How this skill works

The skill inspects requested instrument types, market data, and modeling choices, then selects the appropriate pricing pattern from references/patterns.md. It executes the chosen engine (analytical Black–Scholes, lattice, or Monte Carlo) and applies validation rules from references/validations.md to inputs and outputs.

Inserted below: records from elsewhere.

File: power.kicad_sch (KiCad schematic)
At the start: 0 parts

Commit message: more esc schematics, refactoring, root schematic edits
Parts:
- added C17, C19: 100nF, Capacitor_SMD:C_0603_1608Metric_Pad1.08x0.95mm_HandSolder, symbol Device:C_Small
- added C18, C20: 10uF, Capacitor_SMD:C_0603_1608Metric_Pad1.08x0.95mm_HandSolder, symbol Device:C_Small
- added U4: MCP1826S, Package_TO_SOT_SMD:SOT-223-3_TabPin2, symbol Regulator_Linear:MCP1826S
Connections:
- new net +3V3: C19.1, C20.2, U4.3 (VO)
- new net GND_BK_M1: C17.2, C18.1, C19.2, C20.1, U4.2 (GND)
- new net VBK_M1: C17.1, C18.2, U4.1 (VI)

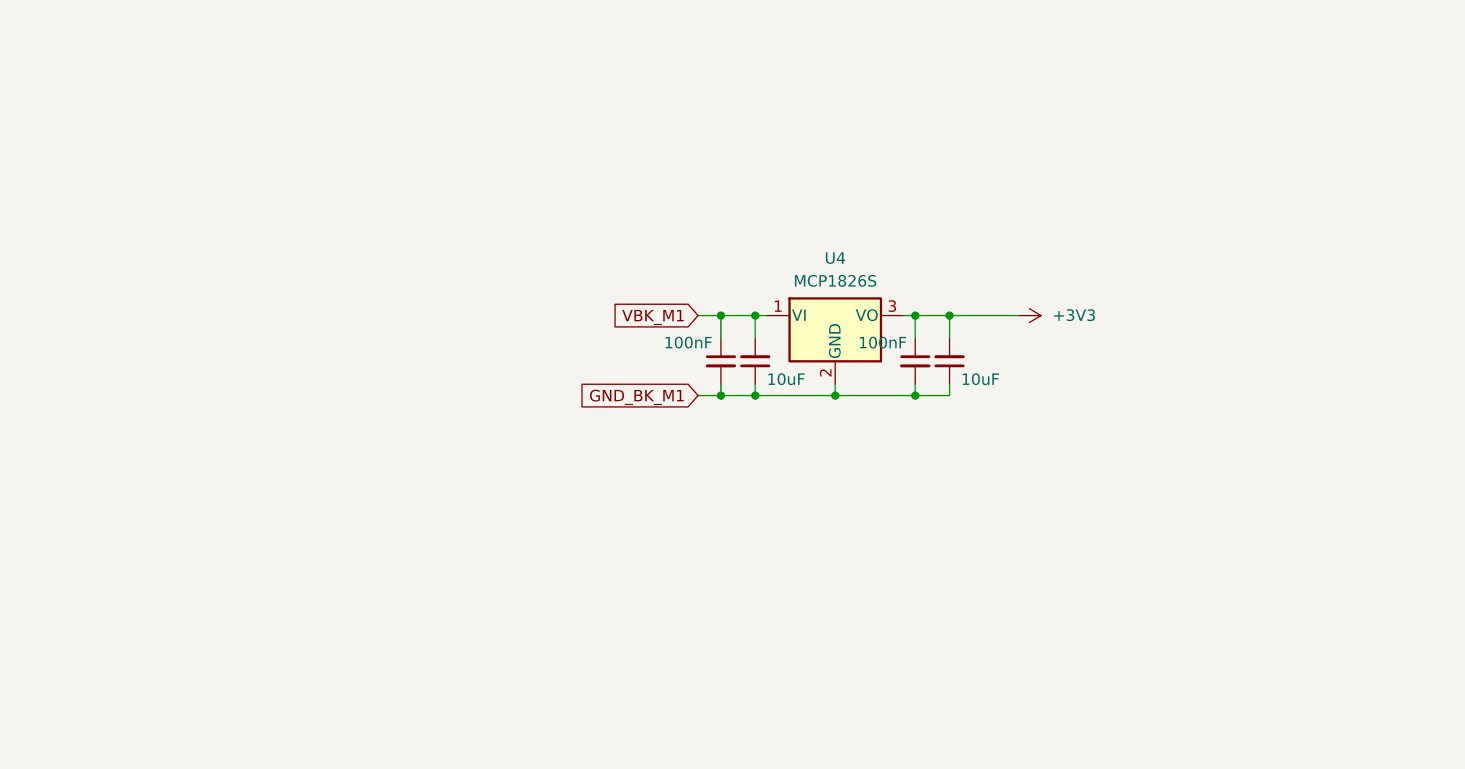
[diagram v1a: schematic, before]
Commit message: A LOT of changes, current state is 2 of 4 ESCs routed, power revamped. \n Board almost done
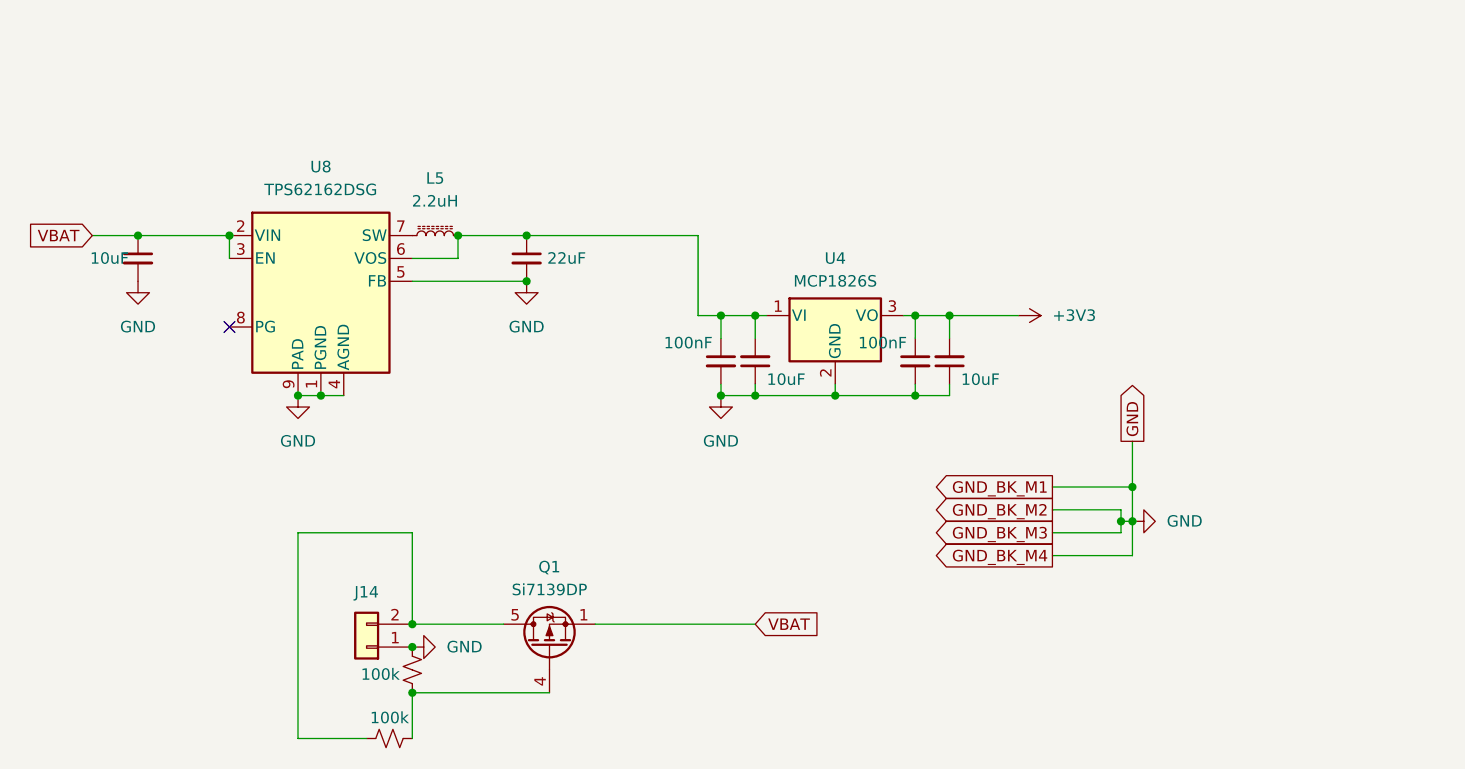
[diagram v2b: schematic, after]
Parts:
- added C42: 10uF, Capacitor_SMD:C_0603_1608Metric_Pad1.08x0.95mm_HandSolder, symbol Device:C_Small
- added C43: 22uF, Capacitor_SMD:C_1206_3216Metric_Pad1.33x1.80mm_HandSolder, symbol Device:C_Small
- added J14: Conn_01x02, Connector_Wire:SolderWire-2sqmm_1x02_P7.8mm_D2mm_OD3.9mm, symbol Connector_Generic:Conn_01x02
- added L5: 2.2uH, Inductor_SMD:L_1008_2520Metric_Pad1.43x2.20mm_HandSolder, symbol Device:L_Ferrite_Small
- added Q1: Si7139DP, Package_SO:PowerPAK_SO-8_Single, symbol Transistor_FET:Si7141DP
- added R16, R17: 100k, Resistor_SMD:R_0603_1608Metric_Pad0.98x0.95mm_HandSolder, symbol Device:R_Small_US
- added U8: TPS62162DSG, Package_SON:WSON-8-1EP_2x2mm_P0.5mm_EP0.9x1.6mm, symbol Regulator_Switching:TPS62163DSG
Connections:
- net GND_BK_M1 renamed GND
- net GND: now also C42.2, C43.2, J14.1 (Pin_1), R17.2, U8.1 (PGND), U8.4 (AGND), U8.5 (FB), U8.9 (PAD)
- net VBK_M1: no longer names the net of C17.1, C18.2, U4.1 (VI)
- net VBK_M1: now also C43.1, L5.2, U8.6 (VOS)
- new net: L5.1, U8.7 (SW)
- new net: J14.2 (Pin_2), Q1.5 (D), R16.1
- new net: Q1.4 (G), R16.2, R17.1
- new net VBAT: C42.1, Q1.1 (S), Q1.2 (S), Q1.3 (S), U8.2 (VIN), U8.3 (EN)
- no-connect marks 0 -> 1

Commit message: done?
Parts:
- removed R16: 100k, Resistor_SMD:R_0603_1608Metric_Pad0.98x0.95mm_HandSolder, symbol Device:R_Small_US
- added C9: 330uF, Capacitor_SMD:CP_Elec_10x10.5, symbol Device:C_Polarized_Small
- added D1: BZT52H-B12, Diode_SMD:D_SOD-123, symbol Device:D_Zener_Small
- added D2: SMAJ18A, Diode_SMD:D_SMA_Handsoldering, symbol Diode:SMAJ18A
- added D3: LED_Small, LED_SMD:LED_0402_1005Metric_Pad0.77x0.64mm_HandSolder, symbol Device:LED_Small
- added R6: 220, Resistor_SMD:R_0402_1005Metric_Pad0.72x0.64mm_HandSolder, symbol Device:R_Small_US
- R17: footprint Resistor_SMD:R_0603_1608Metric_Pad0.98x0.95mm_HandSolder -> Resistor_SMD:R_0402_1005Metric_Pad0.72x0.64mm_HandSolder
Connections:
- net +3V3: now also D3.2 (A)
- net GND: now also C9.2, D2.1 (A1), R6.2
- net VBAT: now also C9.1, D1.1 (K), D2.2 (A2)
- net +5V: now reaches C17.1, C18.2, C43.1, L5.2, U4.1 (VI), U8.6 (VOS)
- net at Q1.4 (G), R17.1: now also D1.2 (A)
- new net: D3.1 (K), R6.1

For diagnostics, it consults references/sharp_edges.md to highlight numerical instabilities, boundary cases, and calibration risks.

When to use it

  • Pricing vanilla and barrier options with analytical or lattice methods
  • Estimating sensitivities (Greeks) for hedging and risk limits
  • Valuing path-dependent or exotic payoffs via Monte Carlo
  • Integrating QuantLib for production-grade pricing and calibration
  • Building or reviewing a pricing engine architecture and test suite

Best practices

  • Follow the construction patterns in references/patterns.md for consistent APIs and reproducibility
  • Always validate inputs (rates, vol, dividends, payoffs) against references/validations.md before pricing
  • Run stability checks and convergence tests for Monte Carlo and lattice methods
  • Document and report the sharp edges from references/sharp_edges.md when results are sensitive
  • Use vectorized implementations and seed control for reproducible Monte Carlo results

Example use cases

  • Compute Black–Scholes price and Greeks for an equity option and validate inputs automatically
  • Value an up-and-out barrier option using a binomial tree with boundary-treatment patterns
  • Estimate CVA or path-dependent payoffs via Monte Carlo with variance reduction and reproducible seeds
  • Replace a prototype engine with QuantLib bindings for calibration to market smiles
  • Run diagnostic reports that explain numerical instability and model risk per sharp edges guidance

FAQ

What references does the skill use to build and check models?

It uses references/patterns.md for construction rules, references/validations.md for strict input checks, and references/sharp_edges.md for diagnosing failures and model risks.

How do I ensure Monte Carlo results are reproducible?

Control the random seed, use antithetic variates or low-discrepancy sequences, and document simulation parameters per the construction patterns.